Recent research suggests vitamin D may be able to stop or prevent cancer. Now, a new study finds an enzyme that plays a role in metabolizing vitamin D can predict lung cancer survival.
The study, from researchers at the University of Michigan Comprehensive Cancer Center, suggests that this enzyme stops the anti-cancer effects of vitamin D.
Levels of the enzyme, called CYP24A1, were elevated as much as 50 times in lung adenocarcinoma compared with normal lung tissue. The higher the level of CYP24A1, the more likely tumors were to be aggressive. About a third of lung cancer patients had high levels of the enzyme. After five years, those patients had nearly half the survival rate as patients with low levels of the enzyme.

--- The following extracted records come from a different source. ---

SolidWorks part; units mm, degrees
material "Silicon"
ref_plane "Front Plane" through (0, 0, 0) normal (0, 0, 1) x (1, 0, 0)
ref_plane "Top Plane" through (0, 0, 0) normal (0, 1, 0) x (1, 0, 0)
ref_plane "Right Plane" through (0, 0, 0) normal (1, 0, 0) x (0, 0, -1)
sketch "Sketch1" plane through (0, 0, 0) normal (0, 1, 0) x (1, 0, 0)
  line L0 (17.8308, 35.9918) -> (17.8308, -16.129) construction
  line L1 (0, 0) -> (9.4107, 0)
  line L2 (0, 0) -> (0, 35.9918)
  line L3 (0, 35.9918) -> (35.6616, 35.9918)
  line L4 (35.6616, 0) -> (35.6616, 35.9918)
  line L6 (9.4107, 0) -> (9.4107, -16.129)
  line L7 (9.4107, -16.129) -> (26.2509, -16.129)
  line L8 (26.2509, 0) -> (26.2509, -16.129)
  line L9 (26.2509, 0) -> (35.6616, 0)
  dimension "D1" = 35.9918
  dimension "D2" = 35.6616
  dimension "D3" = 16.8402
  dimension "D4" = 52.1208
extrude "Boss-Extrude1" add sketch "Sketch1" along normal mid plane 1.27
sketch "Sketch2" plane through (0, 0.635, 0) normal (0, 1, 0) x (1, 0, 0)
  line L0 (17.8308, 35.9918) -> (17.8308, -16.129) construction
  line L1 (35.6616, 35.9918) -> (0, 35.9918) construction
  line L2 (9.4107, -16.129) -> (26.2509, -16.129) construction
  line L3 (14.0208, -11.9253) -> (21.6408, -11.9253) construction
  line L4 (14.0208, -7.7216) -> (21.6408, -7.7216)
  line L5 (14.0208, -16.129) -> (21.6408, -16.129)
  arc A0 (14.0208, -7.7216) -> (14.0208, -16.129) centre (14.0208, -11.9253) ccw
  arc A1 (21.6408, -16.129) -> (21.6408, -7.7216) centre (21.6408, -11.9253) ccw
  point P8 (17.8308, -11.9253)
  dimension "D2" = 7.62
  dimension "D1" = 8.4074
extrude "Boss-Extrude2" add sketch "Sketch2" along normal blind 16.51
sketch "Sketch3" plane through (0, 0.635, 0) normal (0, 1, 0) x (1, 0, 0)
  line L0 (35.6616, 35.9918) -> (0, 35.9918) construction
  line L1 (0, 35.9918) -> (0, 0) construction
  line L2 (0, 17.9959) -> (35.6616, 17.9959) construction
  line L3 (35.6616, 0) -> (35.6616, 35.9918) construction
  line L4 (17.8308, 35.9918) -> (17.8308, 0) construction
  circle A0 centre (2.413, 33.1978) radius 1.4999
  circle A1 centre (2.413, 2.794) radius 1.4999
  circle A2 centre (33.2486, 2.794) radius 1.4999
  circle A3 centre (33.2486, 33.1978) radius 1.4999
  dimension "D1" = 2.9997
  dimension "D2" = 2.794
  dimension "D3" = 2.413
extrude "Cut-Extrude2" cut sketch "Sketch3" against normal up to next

Researchers then linked this to how CYP24A1 interacts with calcitriol, the active form of vitamin D. CYP24A1 breaks down calcitriol, which has a normal and crucial role when kept in check. But when levels of CYP24A1 climb, the enzyme begins to hinder the positive anti-cancer effects of vitamin D.
Results of the study appear in Clinical Cancer Research.
Previous studies have linked low levels of vitamin D to a higher incidence of cancer and worse survival. Researchers are looking at using vitamin D to help prevent lung cancer from returning and spreading after surgery. This new study suggests the possibility of using CYP24A1 levels to personalize this approach to those likely to benefit most.
"Half of lung cancers will recur after surgery, so it's important to find a way to prevent or delay this recurrence. A natural compound like vitamin D is attractive because it has few side effects, but it's even better if we can determine exactly who would benefit from receiving vitamin D," says study author Nithya Ramnath, M.D., associate professor of internal medicine at the U-M Medical School.
Researchers also are working to identify drugs that block CYP24A1. Blocking the enzyme would reinstate the positive anti-cancer effects of vitamin D, suggesting that this inhibitor could potentially be combined with vitamin D treatments.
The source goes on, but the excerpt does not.